Additionally, the regulations state that if a plan permits designated Roth contributions, this option, like the deferral option, must also be universally available.

Excess Corrections
A contribution that does not qualify as a 403(b) contribution because it exceeds the IRC Sec. 415 limit—an annual additions excess—will generally be considered a contribution under IRC Sec. 403(c), which governs nonqualified annuities. Separate accounting will be required for a 403(b) excess that becomes a 403(c) amount.

The final regulations continue to allow plans to correct IRC Sec. 402(g) deferral excesses by distribution. An excess deferral, including the allocable net income, should be removed by April 15 of the following year or as described in IRC Sec. 402(g).

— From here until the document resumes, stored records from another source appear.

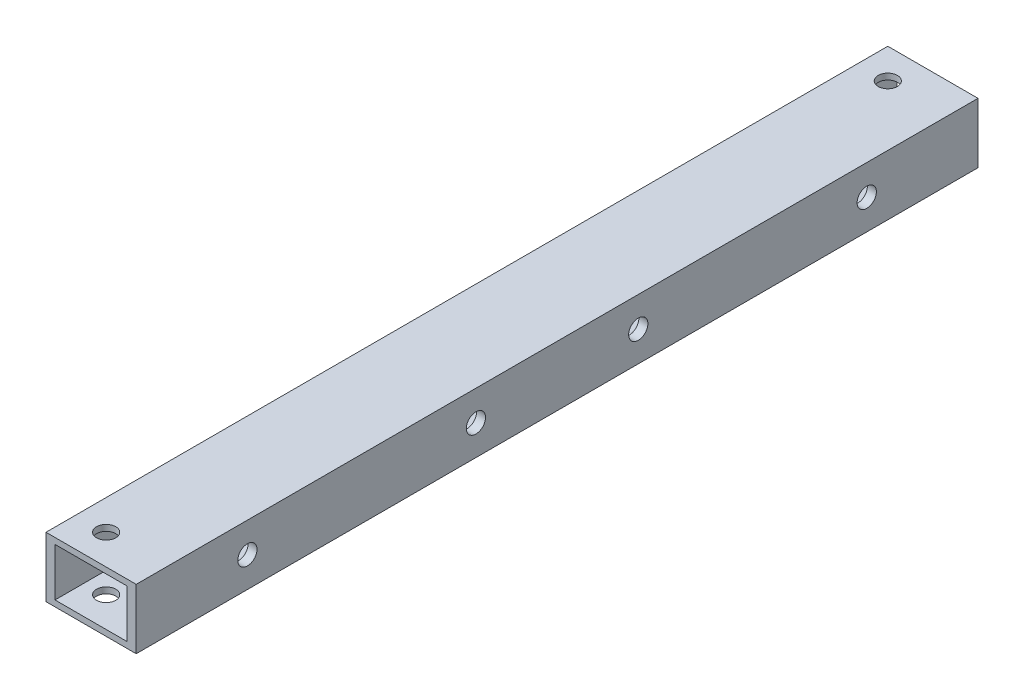
ISO-10303-21;
HEADER;
FILE_DESCRIPTION(('STEP AP214'),'2;1');
FILE_NAME('part.step','',(''),(''),'','','');
FILE_SCHEMA(('AUTOMOTIVE_DESIGN { 1 0 10303 214 1 1 1 1 }'));
ENDSEC;
DATA;
#1=APPLICATION_CONTEXT('core data for automotive mechanical design processes');
#2=APPLICATION_PROTOCOL_DEFINITION('international standard','automotive_design',2000,#1);
#3=PRODUCT_CONTEXT('',#1,'mechanical');
#4=PRODUCT('Part','Part','',(#3));
#5=PRODUCT_RELATED_PRODUCT_CATEGORY('part','',(#4));
#6=PRODUCT_DEFINITION_FORMATION('','',#4);
#7=PRODUCT_DEFINITION_CONTEXT('part definition',#1,'design');
#8=PRODUCT_DEFINITION('design','',#6,#7);
#9=PRODUCT_DEFINITION_SHAPE('','',#8);
#10=(LENGTH_UNIT() NAMED_UNIT(*) SI_UNIT(.MILLI.,.METRE.));
#11=(NAMED_UNIT(*) PLANE_ANGLE_UNIT() SI_UNIT($,.RADIAN.));
#12=(NAMED_UNIT(*) SI_UNIT($,.STERADIAN.) SOLID_ANGLE_UNIT());
#13=UNCERTAINTY_MEASURE_WITH_UNIT(LENGTH_MEASURE(1.E-05),#10,'distance_accuracy_value','');
#14=(GEOMETRIC_REPRESENTATION_CONTEXT(3) GLOBAL_UNCERTAINTY_ASSIGNED_CONTEXT((#13)) GLOBAL_UNIT_ASSIGNED_CONTEXT((#10,
#11,#12)) REPRESENTATION_CONTEXT('',''));
#15=CARTESIAN_POINT('',(0.,0.,0.));
#16=DIRECTION('',(0.,0.,1.));
#17=DIRECTION('',(1.,0.,0.));
#18=AXIS2_PLACEMENT_3D('',#15,#16,#17);
#19=CARTESIAN_POINT('',(0.,0.,70.));
#20=DIRECTION('',(0.,0.,-1.));
#21=DIRECTION('',(-1.,0.,0.));
#22=AXIS2_PLACEMENT_3D('',#19,#20,#21);
#23=PLANE('',#22);
#24=DIRECTION('',(0.,1.,0.));
#25=VECTOR('',#24,1.);
#26=CARTESIAN_POINT('',(7.5,-5.,70.));
#27=LINE('',#26,#25);
#28=CARTESIAN_POINT('',(7.5,-5.,70.));
#29=VERTEX_POINT('',#28);
#30=CARTESIAN_POINT('',(7.5,5.,70.));
#31=VERTEX_POINT('',#30);
#32=EDGE_CURVE('E181',#29,#31,#27,.T.);
#33=ORIENTED_EDGE('',*,*,#32,.T.);
#34=DIRECTION('',(-1.,0.,0.));
#35=VECTOR('',#34,1.);
#36=CARTESIAN_POINT('',(-7.5,5.,70.));
#37=LINE('',#36,#35);
#38=CARTESIAN_POINT('',(-7.5,5.,70.));
#39=VERTEX_POINT('',#38);
#40=EDGE_CURVE('E183',#31,#39,#37,.T.);
#41=ORIENTED_EDGE('',*,*,#40,.T.);
#42=DIRECTION('',(0.,-1.,0.));
#43=VECTOR('',#42,1.);
#44=CARTESIAN_POINT('',(-7.5,-5.,70.));
#45=LINE('',#44,#43);
#46=CARTESIAN_POINT('',(-7.5,-5.,70.));
#47=VERTEX_POINT('',#46);
#48=EDGE_CURVE('E185',#39,#47,#45,.T.);
#49=ORIENTED_EDGE('',*,*,#48,.T.);
#50=DIRECTION('',(1.,0.,0.));
#51=VECTOR('',#50,1.);
#52=CARTESIAN_POINT('',(-7.5,-5.,70.));
#53=LINE('',#52,#51);
#54=EDGE_CURVE('E57',#47,#29,#53,.T.);
#55=ORIENTED_EDGE('',*,*,#54,.T.);
#56=EDGE_LOOP('',(#33,#41,#49,#55));
#57=FACE_BOUND('',#56,.T.);
#58=DIRECTION('',(0.,1.,0.));
#59=VECTOR('',#58,1.);
#60=CARTESIAN_POINT('',(6.,-4.,70.));
#61=LINE('',#60,#59);
#62=CARTESIAN_POINT('',(6.,-4.,70.));
#63=VERTEX_POINT('',#62);
#64=CARTESIAN_POINT('',(6.,4.,70.));
#65=VERTEX_POINT('',#64);
#66=EDGE_CURVE('E170',#63,#65,#61,.T.);
#67=ORIENTED_EDGE('',*,*,#66,.F.);
#68=DIRECTION('',(1.,0.,0.));
#69=VECTOR('',#68,1.);
#70=CARTESIAN_POINT('',(-6.,-4.,70.));
#71=LINE('',#70,#69);
#72=CARTESIAN_POINT('',(-6.,-4.,70.));
#73=VERTEX_POINT('',#72);
#74=EDGE_CURVE('E104',#73,#63,#71,.T.);
#75=ORIENTED_EDGE('',*,*,#74,.F.);
#76=DIRECTION('',(0.,-1.,0.));
#77=VECTOR('',#76,1.);
#78=CARTESIAN_POINT('',(-6.,-4.,70.));
#79=LINE('',#78,#77);
#80=CARTESIAN_POINT('',(-6.,4.,70.));
#81=VERTEX_POINT('',#80);
#82=EDGE_CURVE('E174',#81,#73,#79,.T.);
#83=ORIENTED_EDGE('',*,*,#82,.F.);
#84=DIRECTION('',(-1.,0.,0.));
#85=VECTOR('',#84,1.);
#86=CARTESIAN_POINT('',(-6.,4.,70.));
#87=LINE('',#86,#85);
#88=EDGE_CURVE('E172',#65,#81,#87,.T.);
#89=ORIENTED_EDGE('',*,*,#88,.F.);
#90=EDGE_LOOP('',(#67,#75,#83,#89));
#91=FACE_BOUND('',#90,.T.);
#92=ADVANCED_FACE('F32',(#57,#91),#23,.F.);
#93=CARTESIAN_POINT('',(7.5,-5.,70.));
#94=DIRECTION('',(-1.,0.,0.));
#95=DIRECTION('',(0.,0.,1.));
#96=AXIS2_PLACEMENT_3D('',#93,#94,#95);
#97=PLANE('',#96);
#98=CARTESIAN_POINT('',(7.5,0.,-51.5));
#99=DIRECTION('',(1.,0.,0.));
#100=DIRECTION('',(0.,0.,-1.));
#101=AXIS2_PLACEMENT_3D('',#98,#99,#100);
#102=CIRCLE('',#101,1.6);
#103=CARTESIAN_POINT('',(7.5,0.,-53.1));
#104=VERTEX_POINT('',#103);
#105=EDGE_CURVE('E474',#104,#104,#102,.T.);
#106=ORIENTED_EDGE('',*,*,#105,.F.);
#107=EDGE_LOOP('',(#106));
#108=FACE_BOUND('',#107,.T.);
#109=CARTESIAN_POINT('',(7.5,0.,-13.5));
#110=DIRECTION('',(-1.,0.,0.));
#111=DIRECTION('',(0.,0.,1.));
#112=AXIS2_PLACEMENT_3D('',#109,#110,#111);
#113=CIRCLE('',#112,1.6);
#114=CARTESIAN_POINT('',(7.5,0.,-11.9));
#115=VERTEX_POINT('',#114);
#116=EDGE_CURVE('E209',#115,#115,#113,.T.);
#117=ORIENTED_EDGE('',*,*,#116,.T.);
#118=EDGE_LOOP('',(#117));
#119=FACE_BOUND('',#118,.T.);
#120=CARTESIAN_POINT('',(7.5,0.,51.5));
#121=DIRECTION('',(-1.,0.,0.));
#122=DIRECTION('',(0.,0.,1.));
#123=AXIS2_PLACEMENT_3D('',#120,#121,#122);
#124=CIRCLE('',#123,1.6);
#125=CARTESIAN_POINT('',(7.5,0.,53.1));
#126=VERTEX_POINT('',#125);
#127=EDGE_CURVE('E141',#126,#126,#124,.T.);
#128=ORIENTED_EDGE('',*,*,#127,.T.);
#129=EDGE_LOOP('',(#128));
#130=FACE_BOUND('',#129,.T.);
#131=CARTESIAN_POINT('',(7.5,0.,13.5));
#132=DIRECTION('',(1.,0.,0.));
#133=DIRECTION('',(0.,0.,-1.));
#134=AXIS2_PLACEMENT_3D('',#131,#132,#133);
#135=CIRCLE('',#134,1.6);
#136=CARTESIAN_POINT('',(7.5,0.,11.9));
#137=VERTEX_POINT('',#136);
#138=EDGE_CURVE('E160',#137,#137,#135,.T.);
#139=ORIENTED_EDGE('',*,*,#138,.F.);
#140=EDGE_LOOP('',(#139));
#141=FACE_BOUND('',#140,.T.);
#142=DIRECTION('',(0.,0.,-1.));
#143=VECTOR('',#142,1.);
#144=CARTESIAN_POINT('',(7.5,-5.,70.));
#145=LINE('',#144,#143);
#146=CARTESIAN_POINT('',(7.5,-5.,-70.));
#147=VERTEX_POINT('',#146);
#148=EDGE_CURVE('E188',#29,#147,#145,.T.);
#149=ORIENTED_EDGE('',*,*,#148,.T.);
#150=DIRECTION('',(0.,1.,0.));
#151=VECTOR('',#150,1.);
#152=CARTESIAN_POINT('',(7.5,-5.,-70.));
#153=LINE('',#152,#151);
#154=CARTESIAN_POINT('',(7.5,5.,-70.));
#155=VERTEX_POINT('',#154);
#156=EDGE_CURVE('E128',#147,#155,#153,.T.);
#157=ORIENTED_EDGE('',*,*,#156,.T.);
#158=DIRECTION('',(0.,0.,-1.));
#159=VECTOR('',#158,1.);
#160=CARTESIAN_POINT('',(7.5,5.,70.));
#161=LINE('',#160,#159);
#162=EDGE_CURVE('E11',#31,#155,#161,.T.);
#163=ORIENTED_EDGE('',*,*,#162,.F.);
#164=ORIENTED_EDGE('',*,*,#32,.F.);
#165=EDGE_LOOP('',(#149,#157,#163,#164));
#166=FACE_BOUND('',#165,.T.);
#167=ADVANCED_FACE('F34',(#108,#119,#130,#141,#166),#97,.F.);
#168=CARTESIAN_POINT('',(-7.5,5.,70.));
#169=DIRECTION('',(0.,-1.,0.));
#170=DIRECTION('',(0.,0.,-1.));
#171=AXIS2_PLACEMENT_3D('',#168,#169,#170);
#172=PLANE('',#171);
#173=CARTESIAN_POINT('',(-2.5,5.,-65.));
#174=DIRECTION('',(0.,-1.,0.));
#175=DIRECTION('',(0.,0.,-1.));
#176=AXIS2_PLACEMENT_3D('',#173,#174,#175);
#177=CIRCLE('',#176,1.6);
#178=CARTESIAN_POINT('',(-2.5,5.,-66.6));
#179=VERTEX_POINT('',#178);
#180=EDGE_CURVE('E212',#179,#179,#177,.T.);
#181=ORIENTED_EDGE('',*,*,#180,.T.);
#182=EDGE_LOOP('',(#181));
#183=FACE_BOUND('',#182,.T.);
#184=CARTESIAN_POINT('',(-2.5,5.,65.));
#185=DIRECTION('',(0.,1.,0.));
#186=DIRECTION('',(0.,0.,1.));
#187=AXIS2_PLACEMENT_3D('',#184,#185,#186);
#188=CIRCLE('',#187,1.6);
#189=CARTESIAN_POINT('',(-2.5,5.,66.6));
#190=VERTEX_POINT('',#189);
#191=EDGE_CURVE('E150',#190,#190,#188,.T.);
#192=ORIENTED_EDGE('',*,*,#191,.F.);
#193=EDGE_LOOP('',(#192));
#194=FACE_BOUND('',#193,.T.);
#195=ORIENTED_EDGE('',*,*,#162,.T.);
#196=DIRECTION('',(-1.,0.,0.));
#197=VECTOR('',#196,1.);
#198=CARTESIAN_POINT('',(-7.5,5.,-70.));
#199=LINE('',#198,#197);
#200=CARTESIAN_POINT('',(-7.5,5.,-70.));
#201=VERTEX_POINT('',#200);
#202=EDGE_CURVE('E137',#155,#201,#199,.T.);
#203=ORIENTED_EDGE('',*,*,#202,.T.);
#204=DIRECTION('',(0.,0.,-1.));
#205=VECTOR('',#204,1.);
#206=CARTESIAN_POINT('',(-7.5,5.,70.));
#207=LINE('',#206,#205);
#208=EDGE_CURVE('E41',#39,#201,#207,.T.);
#209=ORIENTED_EDGE('',*,*,#208,.F.);
#210=ORIENTED_EDGE('',*,*,#40,.F.);
#211=EDGE_LOOP('',(#195,#203,#209,#210));
#212=FACE_BOUND('',#211,.T.);
#213=ADVANCED_FACE('F240',(#183,#194,#212),#172,.F.);
#214=CARTESIAN_POINT('',(-7.5,-5.,70.));
#215=DIRECTION('',(1.,0.,0.));
#216=DIRECTION('',(0.,0.,-1.));
#217=AXIS2_PLACEMENT_3D('',#214,#215,#216);
#218=PLANE('',#217);
#219=CARTESIAN_POINT('',(-7.5,0.,-51.5));
#220=DIRECTION('',(1.,0.,0.));
#221=DIRECTION('',(0.,0.,-1.));
#222=AXIS2_PLACEMENT_3D('',#219,#220,#221);
#223=CIRCLE('',#222,1.6);
#224=CARTESIAN_POINT('',(-7.5,0.,-53.1));
#225=VERTEX_POINT('',#224);
#226=EDGE_CURVE('E475',#225,#225,#223,.T.);
#227=ORIENTED_EDGE('',*,*,#226,.T.);
#228=EDGE_LOOP('',(#227));
#229=FACE_BOUND('',#228,.T.);
#230=CARTESIAN_POINT('',(-7.5,0.,-13.5));
#231=DIRECTION('',(-1.,0.,0.));
#232=DIRECTION('',(0.,0.,1.));
#233=AXIS2_PLACEMENT_3D('',#230,#231,#232);
#234=CIRCLE('',#233,1.6);
#235=CARTESIAN_POINT('',(-7.5,0.,-11.9));
#236=VERTEX_POINT('',#235);
#237=EDGE_CURVE('E201',#236,#236,#234,.T.);
#238=ORIENTED_EDGE('',*,*,#237,.F.);
#239=EDGE_LOOP('',(#238));
#240=FACE_BOUND('',#239,.T.);
#241=CARTESIAN_POINT('',(-7.5,0.,51.5));
#242=DIRECTION('',(-1.,0.,0.));
#243=DIRECTION('',(0.,0.,1.));
#244=AXIS2_PLACEMENT_3D('',#241,#242,#243);
#245=CIRCLE('',#244,1.6);
#246=CARTESIAN_POINT('',(-7.5,0.,53.1));
#247=VERTEX_POINT('',#246);
#248=EDGE_CURVE('E140',#247,#247,#245,.T.);
#249=ORIENTED_EDGE('',*,*,#248,.F.);
#250=EDGE_LOOP('',(#249));
#251=FACE_BOUND('',#250,.T.);
#252=CARTESIAN_POINT('',(-7.5,0.,13.5));
#253=DIRECTION('',(1.,0.,0.));
#254=DIRECTION('',(0.,0.,-1.));
#255=AXIS2_PLACEMENT_3D('',#252,#253,#254);
#256=CIRCLE('',#255,1.6);
#257=CARTESIAN_POINT('',(-7.5,0.,11.9));
#258=VERTEX_POINT('',#257);
#259=EDGE_CURVE('E161',#258,#258,#256,.T.);
#260=ORIENTED_EDGE('',*,*,#259,.T.);
#261=EDGE_LOOP('',(#260));
#262=FACE_BOUND('',#261,.T.);
#263=ORIENTED_EDGE('',*,*,#208,.T.);
#264=DIRECTION('',(0.,-1.,0.));
#265=VECTOR('',#264,1.);
#266=CARTESIAN_POINT('',(-7.5,-5.,-70.));
#267=LINE('',#266,#265);
#268=CARTESIAN_POINT('',(-7.5,-5.,-70.));
#269=VERTEX_POINT('',#268);
#270=EDGE_CURVE('E134',#201,#269,#267,.T.);
#271=ORIENTED_EDGE('',*,*,#270,.T.);
#272=DIRECTION('',(0.,0.,-1.));
#273=VECTOR('',#272,1.);
#274=CARTESIAN_POINT('',(-7.5,-5.,70.));
#275=LINE('',#274,#273);
#276=EDGE_CURVE('E190',#47,#269,#275,.T.);
#277=ORIENTED_EDGE('',*,*,#276,.F.);
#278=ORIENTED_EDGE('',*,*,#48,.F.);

The IRS Employee Plans Compliance Resolution System (EPCRS) correction program will be updated to reflect the final 403(b) regulations.

Effect of Plan Failures
If an employer that offers a 403(b) plan is not eligible to do so or fails to have the required written document, then no employee investments made under the plan qualify as 403(b) plan investments. Any operational failure that is solely within an annuity contract or investment of a given employee, however, will not adversely affect the contracts or investments of other employees.

Separate Accounts Required
Separate accounting is required in several situations. Notably, separate accounting is required where vesting on employer contributions must be earned. If separate accounting of amounts in excess of the IRC Sec. 415(c) limit is not done, then none of the amounts under the contract are considered to qualify for the tax preferences given 403(b) plans. Separate accounting is also required for designated Roth contributions to 403(b) plans. Separate accounting has long been required for pre-1989 and after-tax contributions made to 403(b) plans if employees wish to take distributions before a triggering event.

Catch-Up Deferral Contributions
If an employee is eligible for both the special 403(b) catch-up contribution under IRC Sec. 402(g)(7) and the age 50 catch-up contribution, the special 403(b) catch-up is deemed made first.

Miscellaneous Issues

  • Hardship distributions from 403(b) plans will generally follow the same rules as 401(k) plan hardship distributions, including applying the same safe harbors.
  • Separate contracts of incidental life insurance will no longer be allowed with 403(b) plans. The IRS has established an exception for contracts issued up to 60 days after publication of the regulations (July 26, 2007). These contracts are grandfathered in the existing plan. Incidental death and disability benefits are permitted.
  • The final regulations state that severance from employment occurs when an employee no longer works for an eligible employer or works in a capacity that is not employment with an eligible employer. IRS examples include an employee transferring from a not-for-profit to a for-profit hospital or an employee who ceases to work for a public school but who still is employed by the state.
  • Pre-1989 pretax deferrals (not earnings) and after-tax employee contributions may be distributed before a distribution trigger occurs.
  • If the employer makes matching contributions to the plan (an ERISA-governed plan), the matching contributions are subject to the same IRC Sec. 401(m) nondiscrimination requirements and testing as 401(k) plan matching contributions.
  • The final 403(b) regulations reiterate provisions of the proposed regulations that state that qualified domestic relations order (QDRO) procedures apply to 403(b) plans.
  • A payer is required to give a 403(b) plan participant adequate notification of the option to roll over an eligible rollover distribution (ERD) to another plan or to an IRA, and to withhold and remit to the IRS 20 percent of any such ERD amount that is paid to a plan participant instead of being rolled over.

Most of these rule changes make 403(b) plans even more similar to 401(k) plans. Yet, 403(b) plan administrators, investment providers, third-party administrators, and plan participants will need time to adjust to the many changes.